HNF-1α and endodermal transcription factors cooperatively activate Fabpl: MODY3 mutations abrogate cooperativity

Abstract

Hepatocyte nuclear factor (HNF)-1α plays a central role in intestinal and hepatic gene regulation and is required for hepatic expression of the liver fatty acid binding protein gene ( Fabpl). An Fabpl transgene was directly activated through cognate sites by HNF-1α and HNF-1β, as well as five other endodermal factors: CDX-1, C/EBPβ, GATA-4, FoxA2, and HNF-4α. HNF-1α activated the Fabpl transgene by as much as 60-fold greater in the presence of the other five endodermal factors than in their absence, accounting for up to one-half the total transgene activation by the group of six factors. This degree of synergistic interaction suggests that multifactor cooperativity is a critical determinant of endodermal gene activation by HNF-1α. Mutations in HNF-1α that result in maturity onset diabetes of the young (MODY3) provide evidence for the in vivo significance of these synergistic interactions. An R131Q HNF-1α MODY3 mutant exhibits complete loss of synergistic activation in concert with the other endodermal transcription factors despite wild-type transactivation ability in their absence.
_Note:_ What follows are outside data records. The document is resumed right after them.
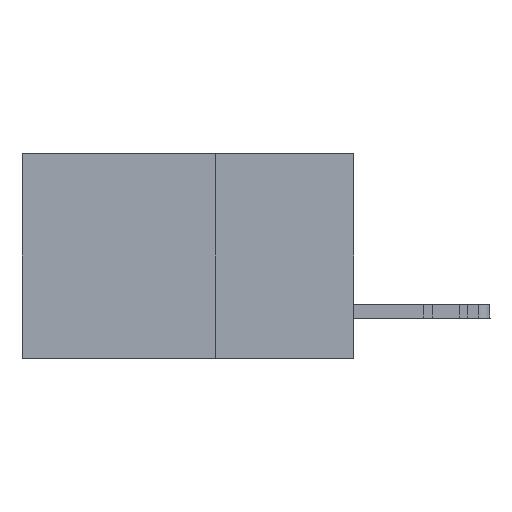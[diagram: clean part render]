
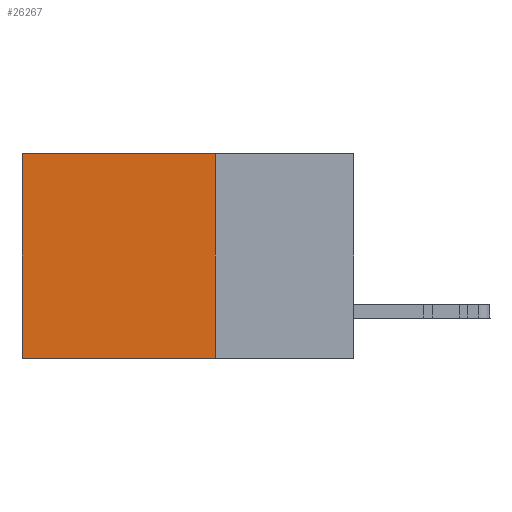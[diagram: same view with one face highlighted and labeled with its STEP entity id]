
A CAD part, left-side view. The second image highlights one B-rep face of the part: STEP entity #26267.
In plain terms, the highlighted planar face has unit normal (-1, 0, 0).
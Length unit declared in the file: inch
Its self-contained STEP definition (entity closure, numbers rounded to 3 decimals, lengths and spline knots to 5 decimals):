
#2091 = VERTEX_POINT ( 'NONE', #32051 ) ;
#2792 = DIRECTION ( 'NONE',  ( 1., 0., 0. ) ) ;
#2796 = CARTESIAN_POINT ( 'NONE',  ( 0.2875, 0.25, 0. ) ) ;
#3676 = VERTEX_POINT ( 'NONE', #2796 ) ;
#7746 = LINE ( 'NONE', #20328, #31491 ) ;
#9487 = DIRECTION ( 'NONE',  ( 0., 0., -1. ) ) ;
#9730 = CARTESIAN_POINT ( 'NONE',  ( 0.2875, 0.25, 0. ) ) ;
#12275 = CARTESIAN_POINT ( 'NONE',  ( 0.2875, 0.6, 0. ) ) ;
#12422 = DIRECTION ( 'NONE',  ( 0., 0., -1. ) ) ;
#13456 = VERTEX_POINT ( 'NONE', #24502 ) ;
#14656 = FACE_OUTER_BOUND ( 'NONE', #35661, .T. ) ;
#16827 = ORIENTED_EDGE ( 'NONE', *, *, #23143, .T. ) ;
#18802 = ORIENTED_EDGE ( 'NONE', *, *, #44637, .T. ) ;
#19386 = CARTESIAN_POINT ( 'NONE',  ( 0.2875, 0.6, 0. ) ) ;
#20328 = CARTESIAN_POINT ( 'NONE',  ( 0.2875, 0.25, 0. ) ) ;
#20624 = VECTOR ( 'NONE', #22800, 39.37008 ) ;
#22800 = DIRECTION ( 'NONE',  ( 0., 1., 0. ) ) ;
#23143 = EDGE_CURVE ( 'NONE', #3676, #25567, #7746, .T. ) ;
#23901 = DIRECTION ( 'NONE',  ( 0., 1., 0. ) ) ;
#24502 = CARTESIAN_POINT ( 'NONE',  ( 0.2875, 0.25, -0.37 ) ) ;
#25567 = VERTEX_POINT ( 'NONE', #12275 ) ;
#26159 = LINE ( 'NONE', #19386, #28919 ) ;
#26164 = AXIS2_PLACEMENT_3D ( 'NONE', #9730, #2792, #34394 ) ;
#26267 = ADVANCED_FACE ( 'NONE', ( #14656 ), #30872, .F. ) ;
#28609 = VECTOR ( 'NONE', #9487, 39.37008 ) ;
#28919 = VECTOR ( 'NONE', #12422, 39.37008 ) ;
#30872 = PLANE ( 'NONE',  #26164 ) ;
#31401 = EDGE_CURVE ( 'NONE', #13456, #2091, #42729, .T. ) ;
#31491 = VECTOR ( 'NONE', #23901, 39.37008 ) ;
#32051 = CARTESIAN_POINT ( 'NONE',  ( 0.2875, 0.6, -0.37 ) ) ;
#33997 = CARTESIAN_POINT ( 'NONE',  ( 0.2875, 0.25, 0. ) ) ;
#34059 = ORIENTED_EDGE ( 'NONE', *, *, #34614, .F. ) ;
#34394 = DIRECTION ( 'NONE',  ( 0., 0., -1. ) ) ;
#34614 = EDGE_CURVE ( 'NONE', #3676, #13456, #44046, .T. ) ;
#35661 = EDGE_LOOP ( 'NONE', ( #18802, #40460, #34059, #16827 ) ) ;
#37290 = CARTESIAN_POINT ( 'NONE',  ( 0.2875, 0.25, -0.37 ) ) ;
#40460 = ORIENTED_EDGE ( 'NONE', *, *, #31401, .F. ) ;
#42729 = LINE ( 'NONE', #37290, #20624 ) ;
#44046 = LINE ( 'NONE', #33997, #28609 ) ;
#44637 = EDGE_CURVE ( 'NONE', #25567, #2091, #26159, .T. ) ;

Furthermore, whereas wild-type HNF-1α exhibited pairwise cooperative synergy with each of the other five factors, the R131Q mutant could synergize only with GATA-4 and C/EBPβ. Selective loss of synergy with other endodermal transcription factors accompanied by retention of native transactivation ability in an HNF-1α MODY mutant suggests in vivo significance for cooperative synergy.